*** Begin section ***

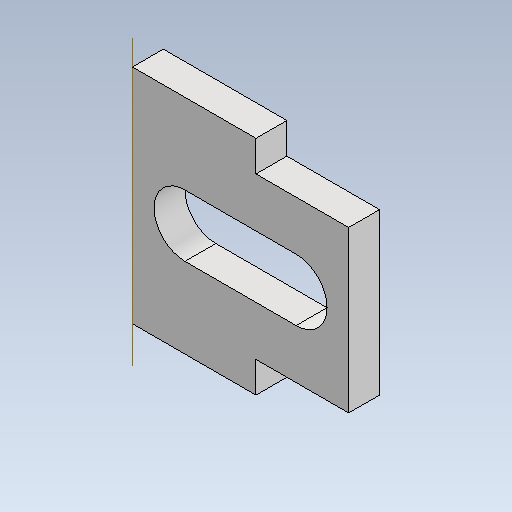
# Autodesk Inventor part: r-support
Saved by Autodesk Inventor 2025 (Build 290162000, 162)
## iProperties
Created: 2025-08-21
Part Number: r-support
Material: Generic
Document SubType Name: Modeling
Designer: HP
Density: 1 g/cm^3
Appearance: Default
Author: HP
Autodesk Inventor part; units mm, degrees
ref_plane "YZ Plane" through (0, 0, 0) normal (1, 0, 0) x (0, 1, 0)
ref_plane "XZ Plane" through (0, 0, 0) normal (0, 1, 0) x (-1, 0, 0)
ref_plane "XY Plane" through (0, 0, 0) normal (0, 0, 1) x (1, 0, 0)
sketch "Sketch1" plane through (0, 0, 0) normal (0, 0, 1) x (1, 0, 0)
  line L0 (-17.5, -18) -> (17.5, -18)
  line L1 (17.5, -18) -> (17.5, 18)
  line L2 (17.5, 18) -> (-17.5, 18)
  line L3 (-17.5, 18) -> (-17.5, -18)
  line L4 (-17.5, -18) -> (17.5, 18) construction
  line L5 (17.5, -18) -> (-17.5, 18) construction
  line L6 (17.5, 18) -> (2.5, 18)
  line L7 (2.5, 18) -> (2.5, 13)
  line L8 (2.5, 13) -> (17.5, 13)
  line L9 (17.5, 13) -> (17.5, 18)
  line L10 (17.5, -18) -> (2.5, -18)
  line L11 (2.5, -18) -> (2.5, -13)
  line L12 (2.5, -13) -> (17.5, -13)
  line L13 (17.5, -13) -> (17.5, -18)
  line L14 (-9, 0) -> (9, 0) construction
  line L15 (-9, -5) -> (9, -5)
  line L16 (9, 5) -> (-9, 5)
  arc A0 (-9, 5) -> (-9, -5) centre (-9, 0) ccw
  arc A1 (9, -5) -> (9, 5) centre (9, 0) ccw
  point P0 (0, 0)
  point P1 (2.5, -18)
  point P2 (17.5, 13)
  point P3 (0, 0)
  point P4 (-17.5, 0)
  dimension "d0" = 36
  dimension "d1" = 35
  dimension "d2" = 5
  dimension "d3" = 5
  dimension "d4" = 20
  dimension "d7" = 10
  dimension "d8" = 18
  constraints: 36 end point, 7 parallel, 4 horizontal, 4 midpoint, 4 point on circle, 4 tangent, 3 perpendicular, 2 centre point, 1 coincident, 1 collinear, 1 horizontal alignment
  measures "d0" distance between parallel lines of L0 L2
  measures "d1" distance between parallel lines of L1 L3
  measures "d2" distance between parallel lines of L8 L2
  measures "d3" distance between parallel lines of L0 L12
  measures "d4" distance between parallel lines of L3 L7
  measures "d7" diameter of A1
  measures "d8" distance of L14.start L14.end
extrude "Extrusion1" add sketch "Sketch1" along normal blind 5 contours L3 L2 L7 L8 L1 L12 L11 L0
equation "\"d3\" = d2"
body "Solid1"
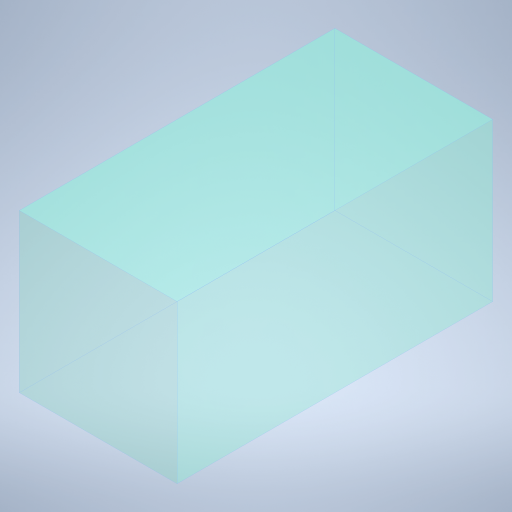
# Autodesk Inventor part: WaterAndBoatLimit
Saved by Autodesk Inventor 2024 (Build 280153000, 153)
## iProperties
Created: 2023-06-12
Part Number: WaterAndBoatLimit
Material: Water
Document SubType Name: Modeling
Designer: 18179
Density: 0.9983 g/cm^3
Appearance: Tropical Blue
Author: 18179
Autodesk Inventor part; units mm, degrees
ref_plane "YZ Plane" through (0, 0, 0) normal (1, 0, 0) x (0, 1, 0)
ref_plane "XZ Plane" through (0, 0, 0) normal (0, 1, 0) x (-1, 0, 0)
ref_plane "XY Plane" through (0, 0, 0) normal (0, 0, 1) x (1, 0, 0)
sketch "Sketch1" plane through (0, 0, 0) normal (0, 0, 1) x (1, 0, 0)
  line L0 (0, 0) -> (-914.4, 0)
  line L1 (-914.4, 0) -> (-914.4, 914.4)
  line L2 (-914.4, 914.4) -> (0, 914.4)
  line L3 (0, 914.4) -> (0, 0)
  dimension "d0" = 914.4
  dimension "d1" = 914.4
  constraints: 8 end point, 2 parallel, 1 horizontal, 1 perpendicular
  measures "d0" distance of L1.end L2.end
  measures "d1" distance of L0.end L1.end
extrude "Extrusion1" add sketch "Sketch1" along normal blind 1828.8
body "Solid1"

*** End section ***

> [AIM OF THE EXERCISE]:
Everything in the entries above should be returned exactly, apart from the pictures.

> [WRITTEN REPLY]:
# Autodesk Inventor part: r-support
Saved by Autodesk Inventor 2025 (Build 290162000, 162)
## iProperties
Created: 2025-08-21
Part Number: r-support
Material: Generic
Document SubType Name: Modeling
Designer: HP
Density: 1 g/cm^3
Appearance: Default
Author: HP
Autodesk Inventor part; units mm, degrees
ref_plane "YZ Plane" through (0, 0, 0) normal (1, 0, 0) x (0, 1, 0)
ref_plane "XZ Plane" through (0, 0, 0) normal (0, 1, 0) x (-1, 0, 0)
ref_plane "XY Plane" through (0, 0, 0) normal (0, 0, 1) x (1, 0, 0)
sketch "Sketch1" plane through (0, 0, 0) normal (0, 0, 1) x (1, 0, 0)
  line L0 (-17.5, -18) -> (17.5, -18)
  line L1 (17.5, -18) -> (17.5, 18)
  line L2 (17.5, 18) -> (-17.5, 18)
  line L3 (-17.5, 18) -> (-17.5, -18)
  line L4 (-17.5, -18) -> (17.5, 18) construction
  line L5 (17.5, -18) -> (-17.5, 18) construction
  line L6 (17.5, 18) -> (2.5, 18)
  line L7 (2.5, 18) -> (2.5, 13)
  line L8 (2.5, 13) -> (17.5, 13)
  line L9 (17.5, 13) -> (17.5, 18)
  line L10 (17.5, -18) -> (2.5, -18)
  line L11 (2.5, -18) -> (2.5, -13)
  line L12 (2.5, -13) -> (17.5, -13)
  line L13 (17.5, -13) -> (17.5, -18)
  line L14 (-9, 0) -> (9, 0) construction
  line L15 (-9, -5) -> (9, -5)
  line L16 (9, 5) -> (-9, 5)
  arc A0 (-9, 5) -> (-9, -5) centre (-9, 0) ccw
  arc A1 (9, -5) -> (9, 5) centre (9, 0) ccw
  point P0 (0, 0)
  point P1 (2.5, -18)
  point P2 (17.5, 13)
  point P3 (0, 0)
  point P4 (-17.5, 0)
  dimension "d0" = 36
  dimension "d1" = 35
  dimension "d2" = 5
  dimension "d3" = 5
  dimension "d4" = 20
  dimension "d7" = 10
  dimension "d8" = 18
  constraints: 36 end point, 7 parallel, 4 horizontal, 4 midpoint, 4 point on circle, 4 tangent, 3 perpendicular, 2 centre point, 1 coincident, 1 collinear, 1 horizontal alignment
  measures "d0" distance between parallel lines of L0 L2
  measures "d1" distance between parallel lines of L1 L3
  measures "d2" distance between parallel lines of L8 L2
  measures "d3" distance between parallel lines of L0 L12
  measures "d4" distance between parallel lines of L3 L7
  measures "d7" diameter of A1
  measures "d8" distance of L14.start L14.end
extrude "Extrusion1" add sketch "Sketch1" along normal blind 5 contours L3 L2 L7 L8 L1 L12 L11 L0
equation "\"d3\" = d2"
body "Solid1"
# Autodesk Inventor part: WaterAndBoatLimit
Saved by Autodesk Inventor 2024 (Build 280153000, 153)
## iProperties
Created: 2023-06-12
Part Number: WaterAndBoatLimit
Material: Water
Document SubType Name: Modeling
Designer: 18179
Density: 0.9983 g/cm^3
Appearance: Tropical Blue
Author: 18179
Autodesk Inventor part; units mm, degrees
ref_plane "YZ Plane" through (0, 0, 0) normal (1, 0, 0) x (0, 1, 0)
ref_plane "XZ Plane" through (0, 0, 0) normal (0, 1, 0) x (-1, 0, 0)
ref_plane "XY Plane" through (0, 0, 0) normal (0, 0, 1) x (1, 0, 0)
sketch "Sketch1" plane through (0, 0, 0) normal (0, 0, 1) x (1, 0, 0)
  line L0 (0, 0) -> (-914.4, 0)
  line L1 (-914.4, 0) -> (-914.4, 914.4)
  line L2 (-914.4, 914.4) -> (0, 914.4)
  line L3 (0, 914.4) -> (0, 0)
  dimension "d0" = 914.4
  dimension "d1" = 914.4
  constraints: 8 end point, 2 parallel, 1 horizontal, 1 perpendicular
  measures "d0" distance of L1.end L2.end
  measures "d1" distance of L0.end L1.end
extrude "Extrusion1" add sketch "Sketch1" along normal blind 1828.8
body "Solid1"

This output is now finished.